2014年六月底,遭受‘情感打擊’、和父親大吵一架,臨近過年也執意要離開老家回廣東的李輝翔,回廣東幾個月後把之前在老家掙到的錢已經花得差不多了。


    於是就在網上找了份工作,麵試之後,入職了一家中介公司。


    入職的第二個月中旬,在門店經理的協同下,他成功賣出去了一套二手房。


    中介公司,對自己公司內部,一線銷售的員工是有量化要求的。


    所謂量化,就是:每天要新錄入公司係統新客戶、新房源、與客戶業主溝通的電話量、帶看量、勘察量......


    職場,李輝翔並不陌生。


    之前他所在的中間集團,也是職場。


    隻不過,剛剛轉行,做房產中介的李輝翔,有些後知後覺,確切的說,是傻裏傻氣。


    他以為,所有的職場,都是一模一樣的。


    他賣出去的第一套房子,買房那個客戶,原本就是他自己的客戶。然而,因為他是剛入職的新人,所以,門店經理就安排了一個老員工帶他。

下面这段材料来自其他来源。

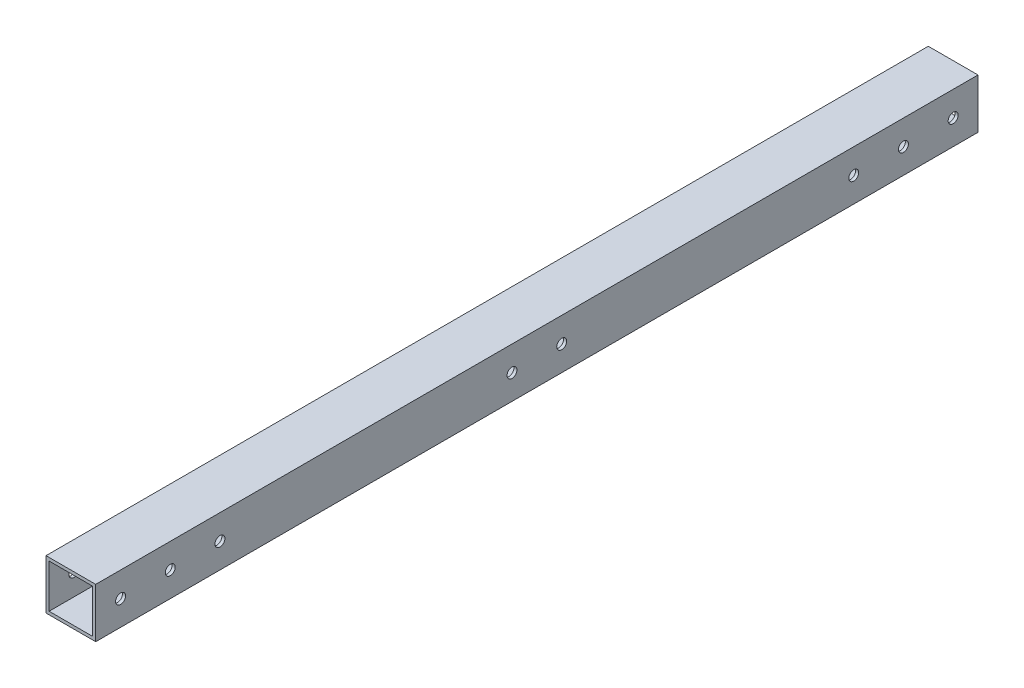
ISO-10303-21;
HEADER;
FILE_DESCRIPTION(('STEP AP214'),'2;1');
FILE_NAME('part.step','',(''),(''),'','','');
FILE_SCHEMA(('AUTOMOTIVE_DESIGN { 1 0 10303 214 1 1 1 1 }'));
ENDSEC;
DATA;
#1=APPLICATION_CONTEXT('core data for automotive mechanical design processes');
#2=APPLICATION_PROTOCOL_DEFINITION('international standard','automotive_design',2000,#1);
#3=PRODUCT_CONTEXT('',#1,'mechanical');
#4=PRODUCT('Part','Part','',(#3));
#5=PRODUCT_RELATED_PRODUCT_CATEGORY('part','',(#4));
#6=PRODUCT_DEFINITION_FORMATION('','',#4);
#7=PRODUCT_DEFINITION_CONTEXT('part definition',#1,'design');
#8=PRODUCT_DEFINITION('design','',#6,#7);
#9=PRODUCT_DEFINITION_SHAPE('','',#8);
#10=(LENGTH_UNIT() NAMED_UNIT(*) SI_UNIT(.MILLI.,.METRE.));
#11=(NAMED_UNIT(*) PLANE_ANGLE_UNIT() SI_UNIT($,.RADIAN.));
#12=(NAMED_UNIT(*) SI_UNIT($,.STERADIAN.) SOLID_ANGLE_UNIT());
#13=UNCERTAINTY_MEASURE_WITH_UNIT(LENGTH_MEASURE(1.E-05),#10,'distance_accuracy_value','');
#14=(GEOMETRIC_REPRESENTATION_CONTEXT(3) GLOBAL_UNCERTAINTY_ASSIGNED_CONTEXT((#13)) GLOBAL_UNIT_ASSIGNED_CONTEXT((#10,
#11,#12)) REPRESENTATION_CONTEXT('',''));
#15=CARTESIAN_POINT('',(0.,0.,0.));
#16=DIRECTION('',(0.,0.,1.));
#17=DIRECTION('',(1.,0.,0.));
#18=AXIS2_PLACEMENT_3D('',#15,#16,#17);
#19=CARTESIAN_POINT('',(0.,0.,450.85));
#20=DIRECTION('',(0.,0.,-1.));
#21=DIRECTION('',(-1.,0.,0.));
#22=AXIS2_PLACEMENT_3D('',#19,#20,#21);
#23=PLANE('',#22);
#24=DIRECTION('',(0.,-1.,0.));
#25=VECTOR('',#24,1.);
#26=CARTESIAN_POINT('',(0.,0.,450.85));
#27=LINE('',#26,#25);
#28=CARTESIAN_POINT('',(0.,25.4,450.85));
#29=VERTEX_POINT('',#28);
#30=CARTESIAN_POINT('',(0.,0.,450.85));
#31=VERTEX_POINT('',#30);
#32=EDGE_CURVE('E157',#29,#31,#27,.T.);
#33=ORIENTED_EDGE('',*,*,#32,.T.);
#34=DIRECTION('',(1.,0.,0.));
#35=VECTOR('',#34,1.);
#36=CARTESIAN_POINT('',(0.,0.,450.85));
#37=LINE('',#36,#35);
#38=CARTESIAN_POINT('',(25.4,0.,450.85));
#39=VERTEX_POINT('',#38);
#40=EDGE_CURVE('E161',#31,#39,#37,.T.);
#41=ORIENTED_EDGE('',*,*,#40,.T.);
#42=DIRECTION('',(0.,1.,0.));
#43=VECTOR('',#42,1.);
#44=CARTESIAN_POINT('',(25.4,0.,450.85));
#45=LINE('',#44,#43);
#46=CARTESIAN_POINT('',(25.4,25.4,450.85));
#47=VERTEX_POINT('',#46);
#48=EDGE_CURVE('E165',#39,#47,#45,.T.);
#49=ORIENTED_EDGE('',*,*,#48,.T.);
#50=DIRECTION('',(-1.,0.,0.));
#51=VECTOR('',#50,1.);
#52=CARTESIAN_POINT('',(0.,25.4,450.85));
#53=LINE('',#52,#51);
#54=EDGE_CURVE('E168',#47,#29,#53,.T.);
#55=ORIENTED_EDGE('',*,*,#54,.T.);
#56=EDGE_LOOP('',(#33,#41,#49,#55));
#57=FACE_BOUND('',#56,.T.);
#58=DIRECTION('',(0.,-1.,0.));
#59=VECTOR('',#58,1.);
#60=CARTESIAN_POINT('',(1.5875,1.5875,450.85));
#61=LINE('',#60,#59);
#62=CARTESIAN_POINT('',(1.5875,23.8125,450.85));
#63=VERTEX_POINT('',#62);
#64=CARTESIAN_POINT('',(1.5875,1.5875,450.85));
#65=VERTEX_POINT('',#64);
#66=EDGE_CURVE('E107',#63,#65,#61,.T.);
#67=ORIENTED_EDGE('',*,*,#66,.F.);
#68=DIRECTION('',(-1.,0.,0.));
#69=VECTOR('',#68,1.);
#70=CARTESIAN_POINT('',(1.5875,23.8125,450.85));
#71=LINE('',#70,#69);
#72=CARTESIAN_POINT('',(23.8125,23.8125,450.85));
#73=VERTEX_POINT('',#72);
#74=EDGE_CURVE('E133',#73,#63,#71,.T.);
#75=ORIENTED_EDGE('',*,*,#74,.F.);
#76=DIRECTION('',(0.,1.,0.));
#77=VECTOR('',#76,1.);
#78=CARTESIAN_POINT('',(23.8125,1.5875,450.85));
#79=LINE('',#78,#77);
#80=CARTESIAN_POINT('',(23.8125,1.5875,450.85));
#81=VERTEX_POINT('',#80);
#82=EDGE_CURVE('E129',#81,#73,#79,.T.);
#83=ORIENTED_EDGE('',*,*,#82,.F.);
#84=DIRECTION('',(1.,0.,0.));
#85=VECTOR('',#84,1.);
#86=CARTESIAN_POINT('',(1.5875,1.5875,450.85));
#87=LINE('',#86,#85);
#88=EDGE_CURVE('E116',#65,#81,#87,.T.);
#89=ORIENTED_EDGE('',*,*,#88,.F.);
#90=EDGE_LOOP('',(#67,#75,#83,#89));
#91=FACE_BOUND('',#90,.T.);
#92=ADVANCED_FACE('F39',(#57,#91),#23,.F.);
#93=CARTESIAN_POINT('',(0.,0.,0.));
#94=DIRECTION('',(0.,0.,-1.));
#95=DIRECTION('',(-1.,0.,0.));
#96=AXIS2_PLACEMENT_3D('',#93,#94,#95);
#97=PLANE('',#96);
#98=DIRECTION('',(0.,-1.,0.));
#99=VECTOR('',#98,1.);
#100=CARTESIAN_POINT('',(0.,0.,0.));
#101=LINE('',#100,#99);
#102=CARTESIAN_POINT('',(0.,25.4,0.));
#103=VERTEX_POINT('',#102);
#104=CARTESIAN_POINT('',(0.,0.,0.));
#105=VERTEX_POINT('',#104);
#106=EDGE_CURVE('E125',#103,#105,#101,.T.);
#107=ORIENTED_EDGE('',*,*,#106,.F.);
#108=DIRECTION('',(-1.,0.,0.));
#109=VECTOR('',#108,1.);
#110=CARTESIAN_POINT('',(0.,25.4,0.));
#111=LINE('',#110,#109);
#112=CARTESIAN_POINT('',(25.4,25.4,0.));
#113=VERTEX_POINT('',#112);
#114=EDGE_CURVE('E162',#113,#103,#111,.T.);
#115=ORIENTED_EDGE('',*,*,#114,.F.);
#116=DIRECTION('',(0.,1.,0.));
#117=VECTOR('',#116,1.);
#118=CARTESIAN_POINT('',(25.4,0.,0.));
#119=LINE('',#118,#117);
#120=CARTESIAN_POINT('',(25.4,0.,0.));
#121=VERTEX_POINT('',#120);
#122=EDGE_CURVE('E178',#121,#113,#119,.T.);
#123=ORIENTED_EDGE('',*,*,#122,.F.);
#124=DIRECTION('',(1.,0.,0.));
#125=VECTOR('',#124,1.);
#126=CARTESIAN_POINT('',(0.,0.,0.));
#127=LINE('',#126,#125);
#128=EDGE_CURVE('E175',#105,#121,#127,.T.);
#129=ORIENTED_EDGE('',*,*,#128,.F.);
#130=EDGE_LOOP('',(#107,#115,#123,#129));
#131=FACE_BOUND('',#130,.T.);
#132=DIRECTION('',(-1.,0.,0.));
#133=VECTOR('',#132,1.);
#134=CARTESIAN_POINT('',(1.5875,23.8125,0.));
#135=LINE('',#134,#133);
#136=CARTESIAN_POINT('',(23.8125,23.8125,0.));
#137=VERTEX_POINT('',#136);
#138=CARTESIAN_POINT('',(1.5875,23.8125,0.));
#139=VERTEX_POINT('',#138);
#140=EDGE_CURVE('E117',#137,#139,#135,.T.);
#141=ORIENTED_EDGE('',*,*,#140,.T.);
#142=DIRECTION('',(0.,-1.,0.));
#143=VECTOR('',#142,1.);
#144=CARTESIAN_POINT('',(1.5875,1.5875,0.));
#145=LINE('',#144,#143);
#146=CARTESIAN_POINT('',(1.5875,1.5875,0.));
#147=VERTEX_POINT('',#146);
#148=EDGE_CURVE('E65',#139,#147,#145,.T.);
#149=ORIENTED_EDGE('',*,*,#148,.T.);
#150=DIRECTION('',(1.,0.,0.));
#151=VECTOR('',#150,1.);
#152=CARTESIAN_POINT('',(1.5875,1.5875,0.));
#153=LINE('',#152,#151);
#154=CARTESIAN_POINT('',(23.8125,1.5875,0.));
#155=VERTEX_POINT('',#154);
#156=EDGE_CURVE('E123',#147,#155,#153,.T.);
#157=ORIENTED_EDGE('',*,*,#156,.T.);
#158=DIRECTION('',(0.,1.,0.));
#159=VECTOR('',#158,1.);
#160=CARTESIAN_POINT('',(23.8125,1.5875,0.));
#161=LINE('',#160,#159);
#162=EDGE_CURVE('E144',#155,#137,#161,.T.);
#163=ORIENTED_EDGE('',*,*,#162,.T.);
#164=EDGE_LOOP('',(#141,#149,#157,#163));
#165=FACE_BOUND('',#164,.T.);
#166=ADVANCED_FACE('F270',(#131,#165),#97,.T.);
#167=CARTESIAN_POINT('',(0.,0.,450.85));
#168=DIRECTION('',(1.,0.,0.));
#169=DIRECTION('',(0.,0.,-1.));
#170=AXIS2_PLACEMENT_3D('',#167,#168,#169);
#171=PLANE('',#170);
#172=CARTESIAN_POINT('',(0.,12.7,438.15));
#173=DIRECTION('',(1.,0.,0.));
#174=DIRECTION('',(0.,0.,-1.));
#175=AXIS2_PLACEMENT_3D('',#172,#173,#174);
#176=CIRCLE('',#175,2.54000000000001);
#177=CARTESIAN_POINT('',(0.,12.7,435.61));
#178=VERTEX_POINT('',#177);
#179=EDGE_CURVE('E198',#178,#178,#176,.T.);
#180=ORIENTED_EDGE('',*,*,#179,.T.);
#181=EDGE_LOOP('',(#180));
#182=FACE_BOUND('',#181,.T.);
#183=CARTESIAN_POINT('',(0.,12.7,12.7));
#184=DIRECTION('',(1.,0.,0.));
#185=DIRECTION('',(0.,0.,1.));
#186=AXIS2_PLACEMENT_3D('',#183,#184,#185);
#187=CIRCLE('',#186,2.54000000000001);
#188=CARTESIAN_POINT('',(0.,12.7,15.24));
#189=VERTEX_POINT('',#188);
#190=EDGE_CURVE('E327',#189,#189,#187,.T.);
#191=ORIENTED_EDGE('',*,*,#190,.T.);
#192=EDGE_LOOP('',(#191));
#193=FACE_BOUND('',#192,.T.);
#194=CARTESIAN_POINT('',(0.,12.7,238.125));
#195=DIRECTION('',(1.,0.,0.));
#196=DIRECTION('',(0.,0.,-1.));
#197=AXIS2_PLACEMENT_3D('',#194,#195,#196);
#198=CIRCLE('',#197,2.53999999999998);
#199=CARTESIAN_POINT('',(0.,12.7,235.585));
#200=VERTEX_POINT('',#199);
#201=EDGE_CURVE('E331',#200,#200,#198,.T.);
#202=ORIENTED_EDGE('',*,*,#201,.T.);
#203=EDGE_LOOP('',(#202));
#204=FACE_BOUND('',#203,.T.);
#205=CARTESIAN_POINT('',(0.,12.7,212.725));
#206=DIRECTION('',(1.,0.,0.));
#207=DIRECTION('',(0.,0.,1.));
#208=AXIS2_PLACEMENT_3D('',#205,#206,#207);
#209=CIRCLE('',#208,2.53999999999998);
#210=CARTESIAN_POINT('',(0.,12.7,215.265));
#211=VERTEX_POINT('',#210);
#212=EDGE_CURVE('E335',#211,#211,#209,.T.);
#213=ORIENTED_EDGE('',*,*,#212,.T.);
#214=EDGE_LOOP('',(#213));
#215=FACE_BOUND('',#214,.T.);
#216=CARTESIAN_POINT('',(0.,12.7,38.1));
#217=DIRECTION('',(1.,0.,0.));
#218=DIRECTION('',(0.,0.,1.));
#219=AXIS2_PLACEMENT_3D('',#216,#217,#218);
#220=CIRCLE('',#219,2.54000000000001);
#221=CARTESIAN_POINT('',(0.,12.7,40.64));
#222=VERTEX_POINT('',#221);
#223=EDGE_CURVE('E339',#222,#222,#220,.T.);
#224=ORIENTED_EDGE('',*,*,#223,.T.);
#225=EDGE_LOOP('',(#224));
#226=FACE_BOUND('',#225,.T.);
#227=CARTESIAN_POINT('',(0.,12.7,63.5));
#228=DIRECTION('',(1.,0.,0.));
#229=DIRECTION('',(0.,0.,1.));
#230=AXIS2_PLACEMENT_3D('',#227,#228,#229);
#231=CIRCLE('',#230,2.54000000000001);
#232=CARTESIAN_POINT('',(0.,12.7,66.04));
#233=VERTEX_POINT('',#232);
#234=EDGE_CURVE('E343',#233,#233,#231,.T.);
#235=ORIENTED_EDGE('',*,*,#234,.T.);
#236=EDGE_LOOP('',(#235));
#237=FACE_BOUND('',#236,.T.);
#238=CARTESIAN_POINT('',(0.,12.7,387.35));
#239=DIRECTION('',(1.,0.,0.));
#240=DIRECTION('',(0.,0.,-1.));
#241=AXIS2_PLACEMENT_3D('',#238,#239,#240);
#242=CIRCLE('',#241,2.54000000000001);
#243=CARTESIAN_POINT('',(0.,12.7,384.81));
#244=VERTEX_POINT('',#243);
#245=EDGE_CURVE('E347',#244,#244,#242,.T.);
#246=ORIENTED_EDGE('',*,*,#245,.T.);
#247=EDGE_LOOP('',(#246));
#248=FACE_BOUND('',#247,.T.);
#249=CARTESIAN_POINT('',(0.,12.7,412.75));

    美其名曰:是為了讓新人更容易在這個行業活下去。


    隻是,他沒有想到,門店經理安排帶他的那個‘老人’,會做出那種事。


    為了不因為公司量化規定,而讓人察覺到他假公濟私。於是,‘老人’便給了李輝翔一個打過去就是空號的客戶電話。


    原本,對此李輝翔是完全沒有察覺到的。


    而且,那個‘老人’也隱藏得很好,隻要是那個客戶要看房,都會叫上李輝翔一起去帶看。


    隻是,每次帶看之後,他都會和李輝翔說:“你現在剛接觸,還不算入行,距離單獨和業主或是客戶溝通,還差得遠。”


    李輝翔明白他的意思,所以從來沒有和那個客戶電話聯係過。


    可是這一切,因為一個偶然的巧合,暴露了。


    巧合發生的那天,恰巧那個‘老人’休息。


    客戶是個女性,因為生了小孩,為了照顧小孩,暫時成為了全職主婦。


    那個‘老人’休息的那天,這個客戶推著嬰兒車找到了李輝翔所在的門店。


    李輝翔所在門店的人不算少,可是對於客戶來說,再多的人也隻是中介。


    她到門店之後,直接就找上李輝翔,“小李啊,怎麽今天不約我看房呢?”


    李輝翔給客戶倒了水,微笑著解釋說:“不瞞陳姐您說,我們其實也知道,大多數人都是有些反感中介的,有一個人聯係您就好了,要是個個中介都打電話給您,怕您覺得煩,而且我們也擔心會給您的生活帶來影響,說白了,其實我們就是擔心惹你煩了之後,你去找別的公司,我們就沒辦法賺你身上的中介費了。”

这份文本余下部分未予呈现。